I tried to add a preprocess function to my MY_THEME.theme but this doesn't seem to work. My code is as follows:

/**
 * Implements hook_preprocess_HOOK().
 */
function MYTHEME_preprocess_menu__menu_principal(&$variables) {
  $menu_tree_service = \Drupal::service('menu.link_tree');
  $menu_name = 'menu-quicklinks';
  $menu_parameters = new \Drupal\Core\Menu\MenuTreeParameters();
  $tree = $menu_tree_service->load($menu_name, $menu_parameters);
  $variables['quicklinks'] = $tree;
}

When I go to to the template and use {{ kint() }} to dump out the defined variables, I don't see the variable.

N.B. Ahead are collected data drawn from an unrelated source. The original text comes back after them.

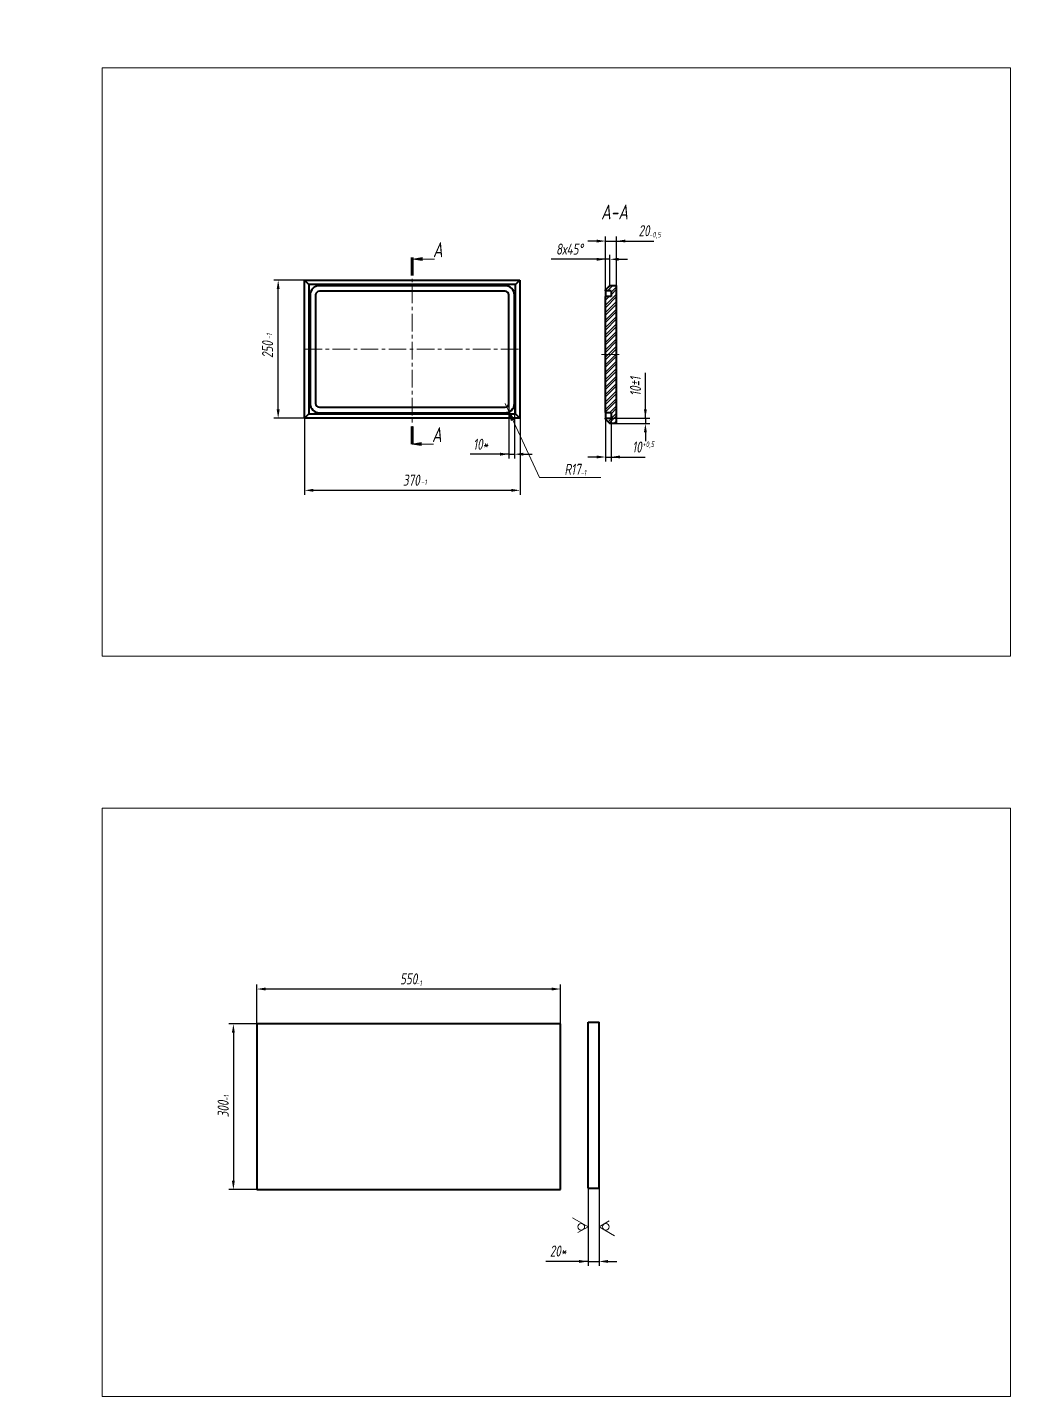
# Model space of a CAD drawing. Header units: millimetres. Extents: x 2336 to 4117, y 14795 to 41339.
# Drawn here: x 2336 to 4117, y 38860 to 41339 of the extents above; entities that cross this region are included whole.
import ezdxf

# ---------------------------------------------------------------- set-up
doc = ezdxf.new("R2010")
doc.units = ezdxf.units.MM
doc.linetypes.add('CENTER', pattern=[50.8, 31.75, -6.35, 6.35, -6.35])
doc.layers.add('РАЗМЕРЫ', color=7, linetype='Continuous', lineweight=18)
doc.styles.get("Standard").update_dxf_attribs({"font": 'simplex.shx', "width": 0.7, "oblique": 10})
doc.dimstyles.new('Stand2', dxfattribs={"dimtxt": 10, "dimasz": 8, "dimexe": 4, "dimexo": 0, "dimgap": 4, "dimtad": 1, "dimdec": 0, "dimzin": 0, "dimdsep": 46, "dimtxsty": 'Standard', "dimcen": 0, "dimadec": 0, "dimazin": 0, "dimtfac": 1, "dimtdec": 0, "dimtmove": 0, "dimatfit": 3, "dimfxl": 0.18, "dimtolj": 1, "dimtzin": 0, "dimarcsym": 0})
doc.dimstyles.new('Stand4', dxfattribs={"dimtxt": 20, "dimasz": 16, "dimexe": 8, "dimexo": 0, "dimgap": 8, "dimtad": 1, "dimdec": 0, "dimzin": 0, "dimdsep": 46, "dimtxsty": 'Standard', "dimcen": 0, "dimadec": 0, "dimazin": 0, "dimtfac": 1, "dimtdec": 0, "dimtmove": 0, "dimatfit": 3, "dimfxl": 0.18, "dimtolj": 1, "dimtzin": 0, "dimarcsym": 0})
doc.dimstyles.new('Stand5', dxfattribs={"dimtxt": 25, "dimasz": 20, "dimexe": 10, "dimexo": 0, "dimgap": 8, "dimtad": 1, "dimdec": 0, "dimzin": 0, "dimdsep": 46, "dimtxsty": 'Standard', "dimcen": 0, "dimadec": 0, "dimazin": 0, "dimtfac": 1, "dimtdec": 0, "dimtmove": 0, "dimatfit": 3, "dimfxl": 0.18, "dimtolj": 1, "dimtzin": 0, "dimarcsym": 0})

# ---------------------------------------------------------------- blocks, each defined once
blk = doc.blocks.new('*D5045')
at = {"layer": 'DEFPOINTS', "color": 0, "lineweight": 18}
for p in [(2838.3, 40881.2), (3228.3, 40881.2), (3228.3, 40500.8)]:
    blk.add_point(p, dxfattribs=at)
at = {"layer": 'РАЗМЕРЫ', "color": 0, "linetype": 'Continuous', "lineweight": -2}
for p, q in [((2838.3, 40881.2), (2838.3, 40492.8)), ((3228.3, 40881.2), (3228.3, 40492.8)), ((2854.3, 40500.8), (3212.3, 40500.8))]:
    blk.add_line(p, q, dxfattribs=at)
at = {"layer": 'РАЗМЕРЫ', "color": 0, "lineweight": 18}
for points in [[(2854.3, 40503.5), (2854.3, 40498.1), (2838.3, 40500.8)], [(3212.3, 40498.1), (3212.3, 40503.5), (3228.3, 40500.8)]]:
    blk.add_solid(points, dxfattribs=at)
at = {"layer": 'РАЗМЕРЫ', "color": 0, "lineweight": 18, "insert": (3031.6, 40519.2), "char_height": 20, "attachment_point": 5}
blk.add_mtext('\\A1;370', dxfattribs=at)
blk = doc.blocks.new('*D5046')
at = {"layer": 'DEFPOINTS', "color": 0, "lineweight": 18}
for p in [(2790.5, 40881.2), (2838.3, 40881.2), (2838.3, 40631.2)]:
    blk.add_point(p, dxfattribs=at)
at = {"layer": 'РАЗМЕРЫ', "color": 0, "linetype": 'Continuous', "lineweight": -2}
for p, q in [((2838.3, 40881.2), (2782.5, 40881.2)), ((2790.5, 40647.2), (2790.5, 40865.2)), ((2838.3, 40631.2), (2782.5, 40631.2))]:
    blk.add_line(p, q, dxfattribs=at)
at = {"layer": 'РАЗМЕРЫ', "color": 0, "lineweight": 18}
for points in [[(2793.1, 40865.2), (2787.8, 40865.2), (2790.5, 40881.2)], [(2787.8, 40647.2), (2793.1, 40647.2), (2790.5, 40631.2)]]:
    blk.add_solid(points, dxfattribs=at)
at = {"layer": 'РАЗМЕРЫ', "color": 0, "lineweight": 18, "insert": (2771.3, 40755.6), "char_height": 20, "attachment_point": 5, "rotation": 90}
blk.add_mtext('\\A1;250', dxfattribs=at)
blk = doc.blocks.new('*D5050')
at = {"layer": 'DEFPOINTS', "color": 0, "lineweight": 18}
for p in [(2860, 40859.2), (3250, 40859.2), (3250, 40506.4)]:
    blk.add_point(p, dxfattribs=at)
at = {"layer": 'РАЗМЕРЫ', "color": 0, "lineweight": 18, "insert": (3054.3, 40515.4), "char_height": 10, "attachment_point": 5}
blk.add_mtext('\\A1;-1', dxfattribs=at)
blk = doc.blocks.new('_NONE')
blk = doc.blocks.new('*D5051')
at = {"layer": 'DEFPOINTS', "color": 0, "lineweight": 18}
for p in [(2400.6, 40977.1), (2783.4, 40977.1), (2400.6, 40587.1)]:
    blk.add_point(p, dxfattribs=at)
at = {"layer": 'РАЗМЕРЫ', "color": 0, "lineweight": 18, "insert": (2774.4, 40779.5), "char_height": 10, "attachment_point": 5, "rotation": 90}
blk.add_mtext('\\A1;-1', dxfattribs=at)
blk = doc.blocks.new('*D5052')
at = {"layer": 'DEFPOINTS', "color": 0, "lineweight": 18}
for p in [(3383.2, 40919), (3391.2, 40871.6), (3383.2, 40863.6)]:
    blk.add_point(p, dxfattribs=at)
at = {"layer": 'РАЗМЕРЫ', "color": 0, "linetype": 'Continuous', "lineweight": -2}
for p, q in [((3383.2, 40919), (3285, 40919)), ((3383.2, 40919), (3285, 40919)), ((3367.2, 40919), (3351.2, 40919)), ((3383.2, 40863.6), (3383.2, 40927)), ((3391.2, 40919), (3383.2, 40919)), ((3391.2, 40871.6), (3391.2, 40927)), ((3407.2, 40919), (3423.2, 40919))]:
    blk.add_line(p, q, dxfattribs=at)
at = {"layer": 'РАЗМЕРЫ', "color": 0, "lineweight": 18}
for points in [[(3367.2, 40916.3), (3367.2, 40921.6), (3383.2, 40919)], [(3407.2, 40921.6), (3407.2, 40916.3), (3391.2, 40919)]]:
    blk.add_solid(points, dxfattribs=at)
at = {"layer": 'РАЗМЕРЫ', "color": 0, "lineweight": 18, "insert": (3318.1, 40937.4), "char_height": 20, "attachment_point": 5}
blk.add_mtext('\\A1;8х45%%d', dxfattribs=at)
blk = doc.blocks.new('*D5053')
at = {"layer": 'DEFPOINTS', "color": 0, "lineweight": 18}
for p in [(3208.3, 40658.6), (3218.3, 40658.6), (3218.3, 40566.2)]:
    blk.add_point(p, dxfattribs=at)
at = {"layer": 'РАЗМЕРЫ', "color": 0, "linetype": 'Continuous', "lineweight": -2}
for p, q in [((3208.3, 40658.6), (3208.3, 40558.2)), ((3218.3, 40658.6), (3218.3, 40558.2)), ((3208.3, 40566.2), (3137.9, 40566.2)), ((3208.3, 40566.2), (3137.9, 40566.2)), ((3192.3, 40566.2), (3176.3, 40566.2)), ((3208.3, 40566.2), (3218.3, 40566.2)), ((3234.3, 40566.2), (3250.3, 40566.2))]:
    blk.add_line(p, q, dxfattribs=at)
at = {"layer": 'РАЗМЕРЫ', "color": 0, "lineweight": 18}
for points in [[(3192.3, 40563.6), (3192.3, 40568.9), (3208.3, 40566.2)], [(3234.3, 40568.9), (3234.3, 40563.6), (3218.3, 40566.2)]]:
    blk.add_solid(points, dxfattribs=at)
at = {"layer": 'РАЗМЕРЫ', "color": 0, "lineweight": 18, "insert": (3157.1, 40584.2), "char_height": 20, "attachment_point": 5}
blk.add_mtext('\\A1;10*', dxfattribs=at)
blk = doc.blocks.new('*D5054')
at = {"layer": 'DEFPOINTS', "color": 0, "lineweight": 18}
for p in [(3403.2, 40952), (3403.2, 40871.1), (3383.2, 40863.6)]:
    blk.add_point(p, dxfattribs=at)
at = {"layer": 'РАЗМЕРЫ', "color": 0, "linetype": 'Continuous', "lineweight": -2}
for p, q in [((3367.2, 40952), (3351.2, 40952)), ((3383.2, 40863.6), (3383.2, 40960)), ((3383.2, 40952), (3403.2, 40952)), ((3403.2, 40871.1), (3403.2, 40960)), ((3403.2, 40952), (3470.8, 40952)), ((3403.2, 40952), (3470.8, 40952)), ((3419.2, 40952), (3435.2, 40952))]:
    blk.add_line(p, q, dxfattribs=at)
at = {"layer": 'РАЗМЕРЫ', "color": 0, "lineweight": 18}
for points in [[(3367.2, 40949.3), (3367.2, 40954.6), (3383.2, 40952)], [(3419.2, 40954.6), (3419.2, 40949.3), (3403.2, 40952)]]:
    blk.add_solid(points, dxfattribs=at)
at = {"layer": 'РАЗМЕРЫ', "color": 0, "lineweight": 18, "insert": (3453, 40970.7), "char_height": 20, "attachment_point": 5}
blk.add_mtext('\\A1;20', dxfattribs=at)
blk = doc.blocks.new('*D5055')
at = {"layer": 'DEFPOINTS', "color": 0, "lineweight": 18}
for p in [(3274.2, 41299.8), (3664.2, 41299.8), (3664.2, 40952.4)]:
    blk.add_point(p, dxfattribs=at)
at = {"layer": 'РАЗМЕРЫ', "color": 0, "lineweight": 18, "insert": (3472.7, 40962.4), "char_height": 10, "attachment_point": 5}
blk.add_mtext('\\A1;-0,5', dxfattribs=at)
blk = doc.blocks.new('*D5056')
at = {"layer": 'DEFPOINTS', "color": 0, "lineweight": 18}
for p in [(3383.2, 40631.6), (3393.2, 40631.6), (3393.2, 40561.1)]:
    blk.add_point(p, dxfattribs=at)
at = {"layer": 'РАЗМЕРЫ', "color": 0, "linetype": 'Continuous', "lineweight": -2}
for p, q in [((3383.2, 40631.6), (3383.2, 40553.1)), ((3393.2, 40631.6), (3393.2, 40553.1)), ((3367.2, 40561.1), (3351.2, 40561.1)), ((3383.2, 40561.1), (3393.2, 40561.1)), ((3393.2, 40561.1), (3455, 40561.1)), ((3393.2, 40561.1), (3455, 40561.1)), ((3409.2, 40561.1), (3425.2, 40561.1))]:
    blk.add_line(p, q, dxfattribs=at)
at = {"layer": 'РАЗМЕРЫ', "color": 0, "lineweight": 18}
for points in [[(3367.2, 40558.5), (3367.2, 40563.8), (3383.2, 40561.1)], [(3409.2, 40563.8), (3409.2, 40558.5), (3393.2, 40561.1)]]:
    blk.add_solid(points, dxfattribs=at)
at = {"layer": 'РАЗМЕРЫ', "color": 0, "lineweight": 18, "insert": (3440.1, 40579.1), "char_height": 20, "attachment_point": 5}
blk.add_mtext('\\A1;10', dxfattribs=at)
blk = doc.blocks.new('*D5057')
at = {"layer": 'DEFPOINTS', "color": 0, "lineweight": 18}
for p in [(3393.2, 40631.6), (3393.2, 40621.6), (3455.3, 40621.6)]:
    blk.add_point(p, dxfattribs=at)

I only see the following:

{{ kint() }} output in menu--menu-principal.html.twig

I then found this answer and tried the following, using the example from the answer there:

/**
 * Implements hook_theme_registry_alter().
 */
function MY_THEME_theme_registry_alter(&$theme_registry) {
  $theme_registry['menu__menu_principal']['variables']['quicklinks'] = [];
}

I used dd() to verify that $theme_registry['menu__menu_principal']['variables'] existed and that the variables were definitely being set in the theme registry, but it still didn't work.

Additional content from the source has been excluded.